Em primeiro lugar, por que se faz um suposto “manifesto” a favor de alguma coisa? Manifesto a favor de pagar mais imposto, manifesto a favor de corrupção, manifesto a favor de manter tudo como está. São jabuticabas que desafiam a metafísica ocidental.

Pior: por que um manifesto a favor da candidatura Lula? O PT ou enfia Lula goela abaixo do povo, ou não faz nada. Não é que os intelectuais estejam pedindo algo, vamos dizer, difícil: é como um abaixo-assinado exigindo que os membros do partido respirem. A última coisa que afetaria uma candidatura Lula seria que intelectuais publicamente lulistas de carteirinha (alguns, de carteirinha mesmo), pedissem por Lula.

As opções do PT são Lula ou Lula, caso Lula não acabe preso antes disso. Todos os outros figurões do partido estão presos, ou com a mesma moral de um goleiro Bruno (ou menos moral, já que Rui Falcão, presidente da sigla, usa o goleiro Bruno como exemplo superior ao qual pode elevar os membros de sua sigla). Quem seria, não fosse Lula? Maria do Rosário? Gleisi Hoffmann? Paulo Bernardo? Eduardo Suplicy? (sério, é difícil lembrar de quem ainda não está preso, ou de quem já saiu da cadeia.) Gente que hoje faz Geraldo Alckmin parecer o Bon Jovi em carisma.

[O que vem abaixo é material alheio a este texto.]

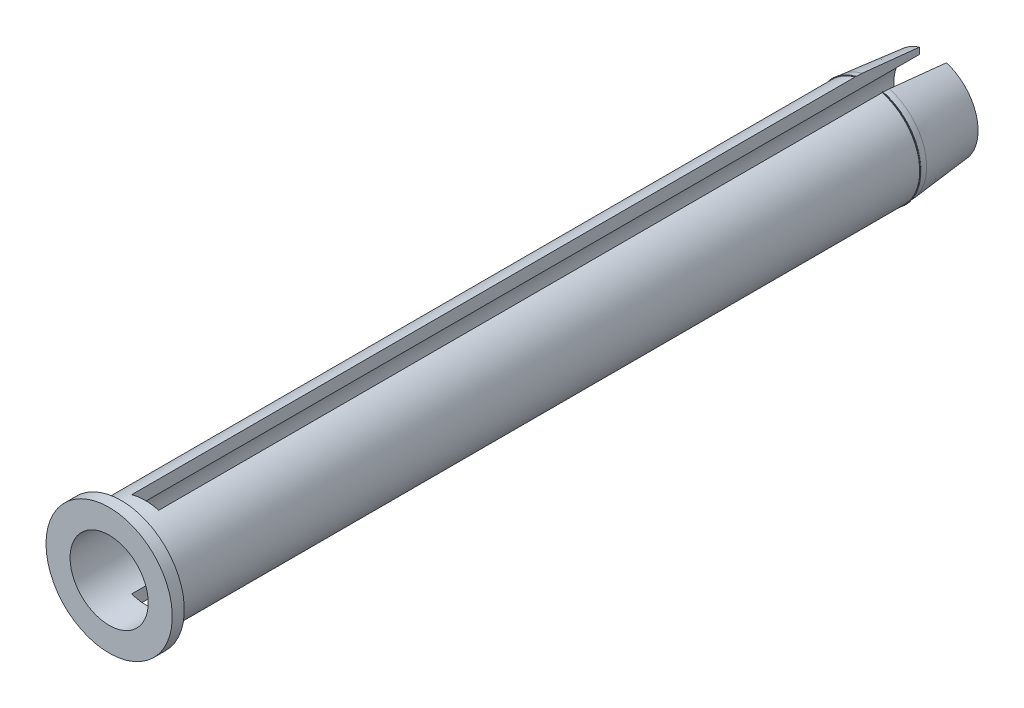
SolidWorks part; units mm, degrees
ref_plane "Alzado" through (0, 0, 0) normal (1, 0, 0) x (0, 1, 0)
ref_plane "Planta" through (0, 0, 0) normal (0, 0, 1) x (0, 1, 0)
ref_plane "Vista lateral" through (0, 0, 0) normal (0, 1, 0) x (-1, 0, 0)
sketch "Croquis1" plane through (0, 0, 0) normal (1, 0, 0) x (0, 1, 0)
  line L0 (6.5, -68.5) -> (6.5, 68.5)
  line L1 (6.5, 68.5) -> (10.5, 68.5)
  line L2 (10.5, 68.5) -> (10.5, 66.5)
  line L3 (10.5, 66.5) -> (8.5, 66.5)
  line L4 (8.5, 66.5) -> (8.5, -68.5)
  line L8 (0, 0) -> (0, 4.1277) construction
  line L9 (8.5, -68.5) -> (6.5, -68.5)
  point P3 (6.5, 0)
  dimension "D1" = 2
  dimension "D4" = 2
  dimension "D5" = 2
  dimension "D2" = 135
  dimension "D3" = 17
revolve "Revolución1" add sketch "Croquis1" angle 360 about L8
chamfer "Chaflán2" distance 10 distance2 1 1 edges at (-8.5, 0, -68.5) first distance on face at (-8.5, 0, 66.5)
fillet "Redondeo1" radius 10 1 edges at (-8.5, 0, -58.5)
sketch "Croquis3" plane through (0, 0, -68.5) normal (0, 0, -1) x (1, 0, 0)
  circle A1 centre (0, 0) radius 8.5 construction
  circle A2 centre (0, 0) radius 8.6
  circle A4 centre (0, 0) radius 8.5
  dimension "D1" = 0.1
extrude "Saliente-Extruir1" add sketch "Croquis3" against normal blind 0.2 from offset 10.5 contours A2 region at (-8.5757, 0, -68.5) offset against normal yes
sketch "Croquis2" plane through (0, 0, -68.5) normal (0, 0, -1) x (1, 0, 0)
  line L1 (-2.25, -10.2561) -> (2.25, -10.2561)
  line L2 (-2.25, -10.2561) -> (-2.25, 10.2561)
  line L3 (-2.25, 10.2561) -> (2.25, 10.2561)
  line L4 (2.25, -10.2561) -> (2.25, 10.2561)
  line L5 (-2.25, -10.2561) -> (2.25, 10.2561) construction
  line L6 (-2.25, 10.2561) -> (2.25, -10.2561) construction
  circle A0 centre (0, 0) radius 10.5 construction
  point P0 (0, 0)
  dimension "D1" = 4.5
extrude "Cortar-Extruir1" cut sketch "Croquis2" against normal offset from surface (131 mm away) 4 up to face at (-10.5, 0, 66.5)
chamfer "Chaflán3" distance 0.1 distance2 0.1 2 edges at (8.6, 0, -58) (-8.6, 0, -58)
fillet "Redondeo2" radius 0.05 4 edges at (8.6, 0, -57.8) (8.6, 0, -57.9) (-8.6, 0, -57.9) (-8.6, 0, -57.8)
equation "\"D5@Croquis1\"=\"D4@Croquis1\""

O “manifesto”, então, é um golpe midiático: fingir que há grandes figuras intelectuais do país, talvez as maiores figuras intelectuais do país, que defendem Lula – logo, o povo também deve defender Lula. Como sempre, são os intelectuais que caem naquilo que Paul Johnson diagnosticou da claque: intelectuais trabalham sempre com o sentimento de que representam as idéias do povo; nada, via de regra, mais longe da realidade.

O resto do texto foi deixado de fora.